## Problem statement
Please return every line below that contains the string "建筑表格".

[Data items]
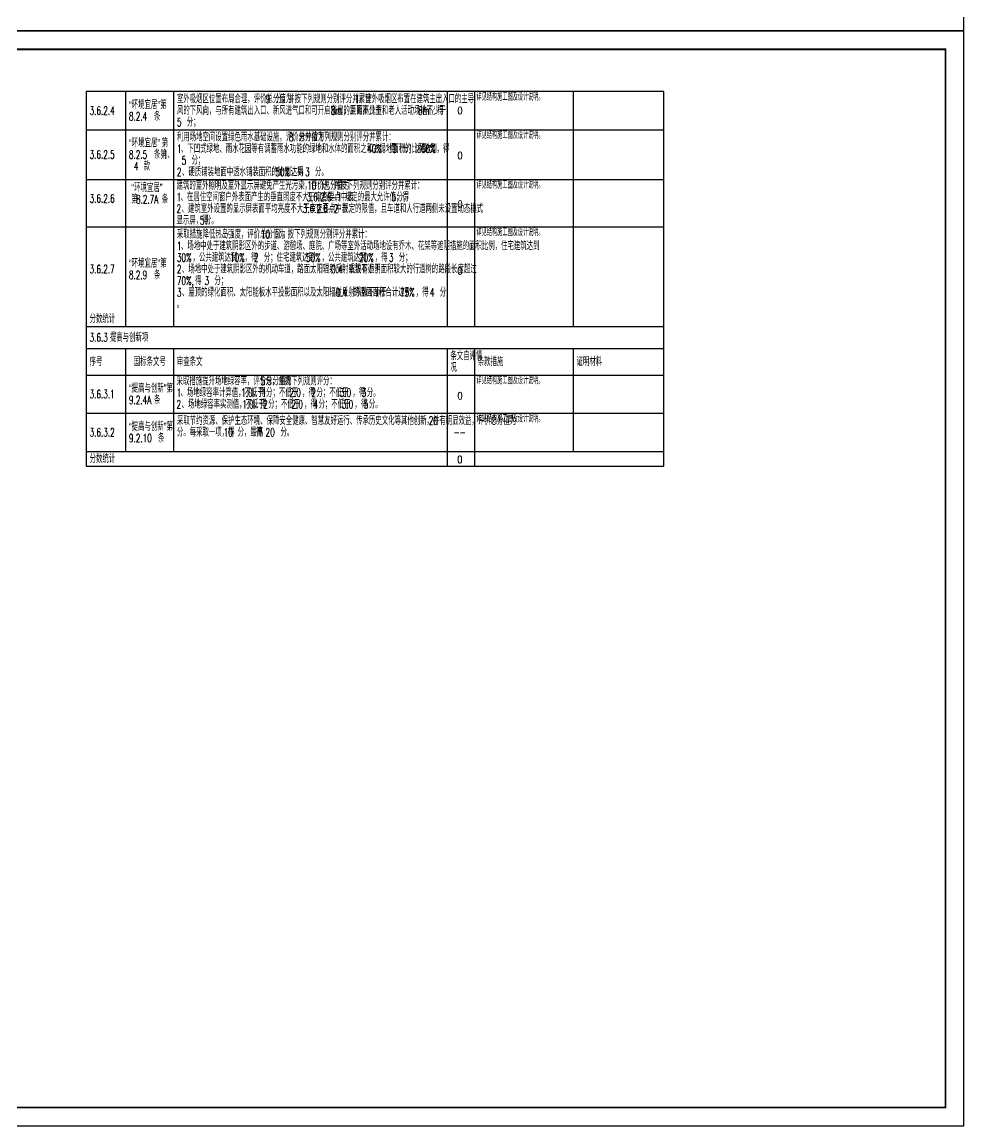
# Model space of a CAD drawing. Extents: x 12902 to 139002, y 7705 to 185905.
# Drawn here: x 87924 to 139002, y 7705 to 67580 of the extents above; entities that cross this region are included whole.
import ezdxf

# ---------------------------------------------------------------- set-up
doc = ezdxf.new("R2010")
doc.units = 0
doc.header["$LTSCALE"] = 1000
for name, color, linetype in [('A-Tab(建筑表格)', 7, 'Continuous'), ('A-Text(建筑文字)', 33, 'Continuous'), ('C-Sheet(通用-图框)', 4, 'Continuous'), ('PUB_TITLE', 4, 'Continuous')]:
    doc.layers.add(name, color=color, linetype=linetype)
doc.styles.add('LJ_TXT', font='SIMPLEX', dxfattribs={"width": 0.8, "bigfont": 'GBCBIG'})

# ---------------------------------------------------------------- blocks, each defined once
blk = doc.blocks.new('AutoBlock_20250323_201', base_point=(111538, 62576))
at = {"color": 1, "style": 'LJ_TXT', "width": 0.8}
blk.add_attdef('3.6.2.4', (111538, 62576), '', height=400, dxfattribs=at)
blk = doc.blocks.new('AutoBlock_20250323_202', base_point=(112583, 63322))
at = {"color": 1, "style": 'LJ_TXT', "width": 0.7}
blk.add_attdef('3.6.2.4措施_001', (112568, 63322), '', height=400, dxfattribs=at)
blk = doc.blocks.new('AutoBlock_20250323_203', base_point=(112583, 61252))
at = {"color": 1, "style": 'LJ_TXT', "width": 0.7}
blk.add_attdef('3.6.2.5措施_001', (112568, 61252), '', height=400, dxfattribs=at)
blk = doc.blocks.new('AutoBlock_20250323_204', base_point=(111538, 60145))
at = {"color": 1, "style": 'LJ_TXT', "width": 0.8}
blk.add_attdef('3.6.2.5', (111538, 60145), '', height=400, dxfattribs=at)
blk = doc.blocks.new('AutoBlock_20250323_205', base_point=(111538, 57495))
at = {"color": 1, "style": 'LJ_TXT', "width": 0.8}
blk.add_attdef('3.6.2.6', (111538, 57495), '', height=400, dxfattribs=at)
blk = doc.blocks.new('AutoBlock_20250323_206', base_point=(111538, 53892))
at = {"color": 1, "style": 'LJ_TXT', "width": 0.8}
blk.add_attdef('3.6.2.7', (111538, 53892), '', height=400, dxfattribs=at)
blk = doc.blocks.new('AutoBlock_20250323_207', base_point=(112583, 58552))
at = {"color": 1, "style": 'LJ_TXT', "width": 0.7}
blk.add_attdef('3.6.2.6措施_001', (112568, 58552), '', height=400, dxfattribs=at)
blk = doc.blocks.new('AutoBlock_20250323_208', base_point=(112583, 55982))
at = {"color": 1, "style": 'LJ_TXT', "width": 0.7}
blk.add_attdef('3.6.2.7措施_001', (112568, 55982), '', height=400, dxfattribs=at)
blk = doc.blocks.new('AutoBlock_20250323_209', base_point=(111527, 43649))
at = {"color": 1, "style": 'LJ_TXT', "width": 0.8}
blk.add_attdef('景观总分', (111527, 43649), '', height=400, dxfattribs=at)
blk = doc.blocks.new('AutoBlock_20250323_210', base_point=(112583, 45872))
at = {"color": 1, "style": 'LJ_TXT', "width": 0.7}
blk.add_attdef('3.6.3.2措施_001', (112568, 45872), '', height=400, dxfattribs=at)
blk = doc.blocks.new('AutoBlock_20250323_211', base_point=(112583, 47942))
at = {"color": 1, "style": 'LJ_TXT', "width": 0.7}
blk.add_attdef('3.6.3.1措施_001', (112568, 47942), '', height=400, dxfattribs=at)
blk = doc.blocks.new('AutoBlock_20250323_212', base_point=(111538, 47114))
at = {"color": 1, "style": 'LJ_TXT', "width": 0.8}
blk.add_attdef('3.6.3.1', (111538, 47114), '', height=400, dxfattribs=at)

msp = doc.modelspace()

# ---------------------------------------------------------------- linework, layer by layer
at = {"layer": 'A-Tab(建筑表格)'}
msp.add_lwpolyline([(91407, 43483), (122734, 43483), (122734, 63813), (91407, 63813)], close=True, dxfattribs=at)
for points in [[(93540, 63813), (93540, 51073)], [(96140, 63813), (96140, 51073)], [(110974, 63813), (110974, 51073)], [(112455, 63813), (112455, 51073)], [(117816, 63813), (117816, 51073)], [(91407, 61743), (122734, 61743)], [(91407, 59043), (122734, 59043)], [(91407, 56473), (122734, 56473)], [(91407, 51073), (122734, 51073)], [(91407, 49873), (122734, 49873)], [(93540, 49873), (93540, 44293)], [(96140, 49873), (96140, 44293)], [(110974, 49873), (110974, 43483)], [(112455, 49873), (112455, 43483)], [(117816, 49873), (117816, 44293)], [(91407, 48433), (122734, 48433)], [(91407, 46363), (122734, 46363)], [(91407, 44293), (122734, 44293)]]:
    msp.add_lwpolyline(points, dxfattribs=at)
at = {"layer": 'C-Sheet(通用-图框)'}
msp.add_lwpolyline([(12902, 7705), (139002, 7705), (139002, 67105), (12902, 67105)], close=True, dxfattribs=at)
at = {"layer": 'C-Sheet(通用-图框)', "const_width": 100}
msp.add_lwpolyline([(15402, 8705), (138002, 8705), (138002, 66105), (15402, 66105)], close=True, dxfattribs=at)
at = {"layer": 'PUB_TITLE'}
msp.add_lwpolyline([(12902, 67105), (139002, 67105), (139002, 126505), (12902, 126505)], close=True, dxfattribs=at)

# ---------------------------------------------------------------- block references
at = {"color": 1}
for name, p, values in [('AutoBlock_20250323_202', (112583, 63322), {'3.6.2.4措施_001': '详见结构施工图及设计说明。'}), ('AutoBlock_20250323_201', (111538, 62576), {'3.6.2.4': '0'}), ('AutoBlock_20250323_203', (112583, 61252), {'3.6.2.5措施_001': '详见结构施工图及设计说明。'}), ('AutoBlock_20250323_204', (111538, 60145), {'3.6.2.5': '0'}), ('AutoBlock_20250323_207', (112583, 58552), {'3.6.2.6措施_001': '详见结构施工图及设计说明。'}), ('AutoBlock_20250323_205', (111538, 57495), {'3.6.2.6': '0'}), ('AutoBlock_20250323_208', (112583, 55982), {'3.6.2.7措施_001': '详见结构施工图及设计说明。'}), ('AutoBlock_20250323_206', (111538, 53892), {'3.6.2.7': '0'}), ('AutoBlock_20250323_211', (112583, 47942), {'3.6.3.1措施_001': '详见结构施工图及设计说明。'}), ('AutoBlock_20250323_212', (111538, 47114), {'3.6.3.1': '0'}), ('AutoBlock_20250323_210', (112583, 45872), {'3.6.3.2措施_001': '详见结构施工图及设计说明。'}), ('AutoBlock_20250323_209', (111527, 43649), {'景观总分': '0'})]:
    msp.add_blockref(name, p, dxfattribs=at).add_auto_attribs(values)

# ---------------------------------------------------------------- texts
at = {"layer": 'A-Tab(建筑表格)', "style": 'LJ_TXT'}
for s, height, width, p in [('室外吸烟区位置布局合理，评价总分值为', 434.04, 0.8, (96320, 63183)), ('9', 450, 0.64, (101131, 63183)), ('分，并按下列规则分别评分并累计：', 434.04, 0.8, (101666, 63183)), ('1', 450, 0.64, (105970, 63183)), ('、室外吸烟区布置在建筑主出入口的主导', 434.04, 0.8, (106190, 63183)), ('3.6.2.4', 450, 0.64, (91587, 62553)), ('“环境宜居”第', 434, 0.8, (93720, 62868)), ('风的下风向，与所有建筑出入口、新风进气口和可开启窗扇的距离不少于', 434.04, 0.8, (96320, 62553)), ('8m', 450, 0.64, (104669, 62553)), ('，且距离儿童和老人活动场地不少于', 434.04, 0.8, (105355, 62553)), ('8m', 450, 0.64, (109399, 62553)), ('，得', 434, 0.8, (110085, 62553)), ('8.2.4', 450, 0.64, (93720, 62238)), ('条', 434, 0.8, (95078, 62238)), ('5', 450, 0.64, (96320, 61923)), ('分；', 434, 0.8, (96855, 61923)), ('“环境宜居”', 434, 0.8, (93720, 60798)), ('第', 434, 0.8, (95498, 60798)), ('利用场地空间设置绿色雨水基础设施，评价总分值为', 434.04, 0.8, (96320, 61113)), ('8', 450, 0.64, (102395, 61113)), ('分并按下列规则分别评分并累计：', 434.04, 0.8, (102929, 61113)), ('3.6.2.5', 450, 0.64, (91587, 60168)), ('8.2.5', 450, 0.64, (93720, 60168)), ('条第', 434, 0.8, (95078, 60168)), ('1', 450, 0.64, (95584, 60168)), ('1', 450, 0.64, (96320, 60483)), ('、下凹式绿地、雨水花园等有调蓄雨水功能的绿地和水体的面积之和占绿地面积的比例达到', 434.04, 0.8, (96540, 60483)), ('40%', 450, 0.64, (106650, 60483)), ('，得', 434, 0.8, (107501, 60483)), ('3', 450, 0.64, (108006, 60483)), ('分；达到', 434, 0.8, (108541, 60483)), ('60%', 450, 0.64, (109552, 60483)), ('，得', 434, 0.8, (110402, 60483)), ('4', 450, 0.64, (93981, 59538)), ('款', 434, 0.8, (94516, 59538)), ('、', 434, 0.8, (95803, 60168)), ('5', 450, 0.64, (96581, 59853)), ('分；', 434, 0.8, (97116, 59853)), ('2', 450, 0.64, (96320, 59223)), ('、硬质铺装地面中透水铺装面积的比例达到', 434.04, 0.8, (96595, 59223)), ('50%', 450, 0.64, (101658, 59223)), ('，得', 434, 0.8, (102508, 59223)), ('3', 450, 0.64, (103274, 59223)), ('分。', 434, 0.8, (103809, 59223)), ('3.6.2.6', 450, 0.64, (91587, 57783)), ('采取措施降低热岛强度，评价总分值为', 434.04, 0.8, (96320, 55843)), ('10', 450, 0.64, (100878, 55843)), ('分，按下列规则分别评分并累计：', 434.04, 0.8, (101632, 55843)), ('、场地中处于建筑阴影区外的步道、游憩场、庭院、广场等室外活动场地设有乔木、花架等遮阴措施的面积比例，住宅建筑达到', 434.04, 0.8, (96540, 55213)), ('1', 450, 0.64, (96320, 55213)), ('“环境宜居”第', 434, 0.8, (93720, 54268)), ('30%', 450, 0.64, (96320, 54583)), ('，公共建筑达到', 434, 0.8, (97171, 54583)), ('10%', 450, 0.64, (99201, 54583)), ('，得', 434, 0.8, (99996, 54583)), ('2', 450, 0.64, (100502, 54583)), ('分；住宅建筑达到', 434, 0.8, (101036, 54583)), ('50%', 450, 0.64, (103319, 54583)), ('，公共建筑达到', 434, 0.8, (104169, 54583)), ('20%', 450, 0.64, (106199, 54583)), ('，得', 434, 0.8, (107050, 54583)), ('3', 450, 0.64, (107816, 54583)), ('分；', 434, 0.8, (108351, 54583)), ('3.6.2.7', 450, 0.64, (91587, 53953)), ('8.2.9', 450, 0.64, (93720, 53638)), ('条', 434, 0.8, (95078, 53638)), ('2', 450, 0.64, (96320, 53953)), ('、场地中处于建筑阴影区外的机动车道，路面太阳辐射反射系数不小于', 434.04, 0.8, (96595, 53953)), ('0.4', 450, 0.64, (104691, 53953)), ('或设有遮阴面积较大的行道树的路段长度超过', 434.04, 0.8, (105637, 53953)), ('70%,', 450, 0.64, (96320, 53323)), ('得', 434, 0.8, (97308, 53323)), ('3', 450, 0.64, (97821, 53323)), ('分；', 434, 0.8, (98356, 53323)), ('3', 450, 0.64, (96320, 52693)), ('、屋顶的绿化面积、太阳能板水平投影面积以及太阳辐射反射系数不小于', 434.04, 0.8, (96595, 52693)), ('0.4', 450, 0.64, (104944, 52693)), ('的屋面面积合计达到', 434, 0.8, (105890, 52693)), ('75%', 450, 0.64, (108426, 52693)), ('，得', 434, 0.8, (109276, 52693)), ('4', 450, 0.64, (110042, 52693)), ('分', 434, 0.8, (110577, 52693)), ('。', 434, 0.8, (96320, 52063)), ('分数统计', 434, 0.8, (91587, 51253)), ('3.6.3', 450, 0.64, (91587, 50248)), ('提高与创新项', 434, 0.8, (92684, 50248)), ('条文自评情', 434, 0.8, (111154, 49243)), ('序号', 434, 0.8, (91587, 48928)), ('国标条文号', 434, 0.8, (93981, 48928)), ('审查条文', 434, 0.8, (96320, 48928)), ('条款措施', 434, 0.8, (112635, 48928)), ('证明材料', 434, 0.8, (117996, 48928)), ('况', 434, 0.8, (111154, 48613)), ('3.6.3.1', 450, 0.64, (91587, 47173)), ('采取节约资源、保护生态环境、保障安全健康、智慧友好运行、传承历史文化等其他创新，并有明显效益，评价总分值为', 434.04, 0.8, (96320, 45733)), ('20', 450, 0.64, (109978, 45733)), ('3.6.3.2', 450, 0.64, (91587, 45103)), ('“提高与创新”第', 434, 0.8, (93720, 45418)), ('分。每采取一项，得', 434, 0.8, (96320, 45103)), ('10', 450, 0.64, (98856, 45103)), ('分，最高', 434, 0.8, (99610, 45103)), ('得', 434, 0.8, (100617, 45106)), ('20', 450, 0.64, (101130, 45106)), ('分。', 434, 0.8, (101939, 45106)), ('9.2.10', 450, 0.64, (93720, 44788)), ('条', 434, 0.8, (95298, 44788)), ('--', 450, 0.64, (111335, 45103)), ('分数统计', 434, 0.8, (91587, 43663))]:
    msp.add_text(s, height=height, dxfattribs=dict(at, width=width)).set_placement(p)
at = {"layer": 'A-Text(建筑文字)', "style": 'LJ_TXT'}
for s, height, width, p in [('“环境宜居”', 434, 0.8, (93851, 58374)), ('建筑的室外照明及室外显示屏避免产生光污染，评价总分值为', 434.04, 0.8, (96301, 58491)), ('10', 450, 0.64, (103386, 58491)), ('分，并按下列规则分别评分并累计：', 434.04, 0.8, (104141, 58491)), ('第', 434, 0.8, (93851, 57744)), ('8.2.7A', 450, 0.64, (94104, 57744)), ('条', 434, 0.8, (95503, 57744)), ('1', 450, 0.64, (96301, 57861)), ('、在居住空间窗户外表面产生的垂直照度不大于审查要点中表', 434.04, 0.8, (96520, 57861)), ('3.6.2.6-1', 450, 0.64, (103345, 57861)), ('规定的最大允许值，得', 434, 0.8, (105430, 57861)), ('5', 450, 0.64, (107957, 57861)), ('分；', 434, 0.8, (108232, 57861)), ('2', 450, 0.64, (96301, 57231)), ('、建筑室外设置的显示屏表面平均亮度不大于审查要点中表', 434.04, 0.8, (96575, 57231)), ('3.6.2.6-2', 450, 0.64, (103147, 57231)), ('规定的限值，且车道和人行道两侧未设置动态模式', 434.04, 0.8, (105287, 57231)), ('显示屏，得', 434, 0.8, (96301, 56601)), ('5', 450, 0.64, (97565, 56601)), ('分。', 434, 0.8, (97839, 56601)), ('“提高与创新”第', 434, 0.8, (93720, 47488)), ('采取措施提升场地绿容率，评价总分值为', 434.04, 0.8, (96301, 47881)), ('5', 450, 0.64, (100851, 47881)), ('分，并按下列规则评分：', 434.04, 0.8, (101125, 47881)), ('9.2.4A', 450, 0.64, (93720, 46858)), ('条', 434, 0.8, (95078, 46858)), ('1', 450, 0.64, (96301, 47251)), ('、场地绿容率计算值，不低于', 434.04, 0.8, (96520, 47251)), ('1.0', 450, 0.64, (99806, 47251)), ('，得', 434, 0.8, (100437, 47251)), ('1', 450, 0.64, (100943, 47251)), ('分；不低于', 434, 0.8, (101162, 47251)), ('2.0', 450, 0.64, (102426, 47251)), ('，得', 434, 0.8, (103112, 47251)), ('2', 450, 0.64, (103617, 47251)), ('分；不低于', 434, 0.8, (103892, 47251)), ('3.0', 450, 0.64, (105155, 47251)), ('，得', 434, 0.8, (105841, 47251)), ('3', 450, 0.64, (106347, 47251)), ('分。', 434, 0.8, (106621, 47251)), ('2', 450, 0.64, (96301, 46621)), ('、场地绿容率实测值，不低于', 434.04, 0.8, (96575, 46621)), ('1.0', 450, 0.64, (99861, 46621)), ('，得', 434, 0.8, (100492, 46621)), ('2', 450, 0.64, (100998, 46621)), ('分；不低于', 434, 0.8, (101272, 46621)), ('2.0', 450, 0.64, (102536, 46621)), ('，得', 434, 0.8, (103221, 46621)), ('4', 450, 0.64, (103727, 46621)), ('分；不低于', 434, 0.8, (104001, 46621)), ('3.0', 450, 0.64, (105265, 46621)), ('，得', 434, 0.8, (105951, 46621)), ('5', 450, 0.64, (106456, 46621)), ('分。', 434, 0.8, (106731, 46621))]:
    msp.add_text(s, height=height, dxfattribs=dict(at, width=width)).set_placement(p)

doc.saveas('drawing.dxf')

## Solution below
for name, color, linetype in [('A-Tab(建筑表格)', 7, 'Continuous'), ('A-Text(建筑文字)', 33, 'Continuous'), ('C-Sheet(通用-图框)', 4, 'Continuous'), ('PUB_TITLE', 4, 'Continuous')]:
at = {"layer": 'A-Tab(建筑表格)'}
at = {"layer": 'A-Tab(建筑表格)', "style": 'LJ_TXT'}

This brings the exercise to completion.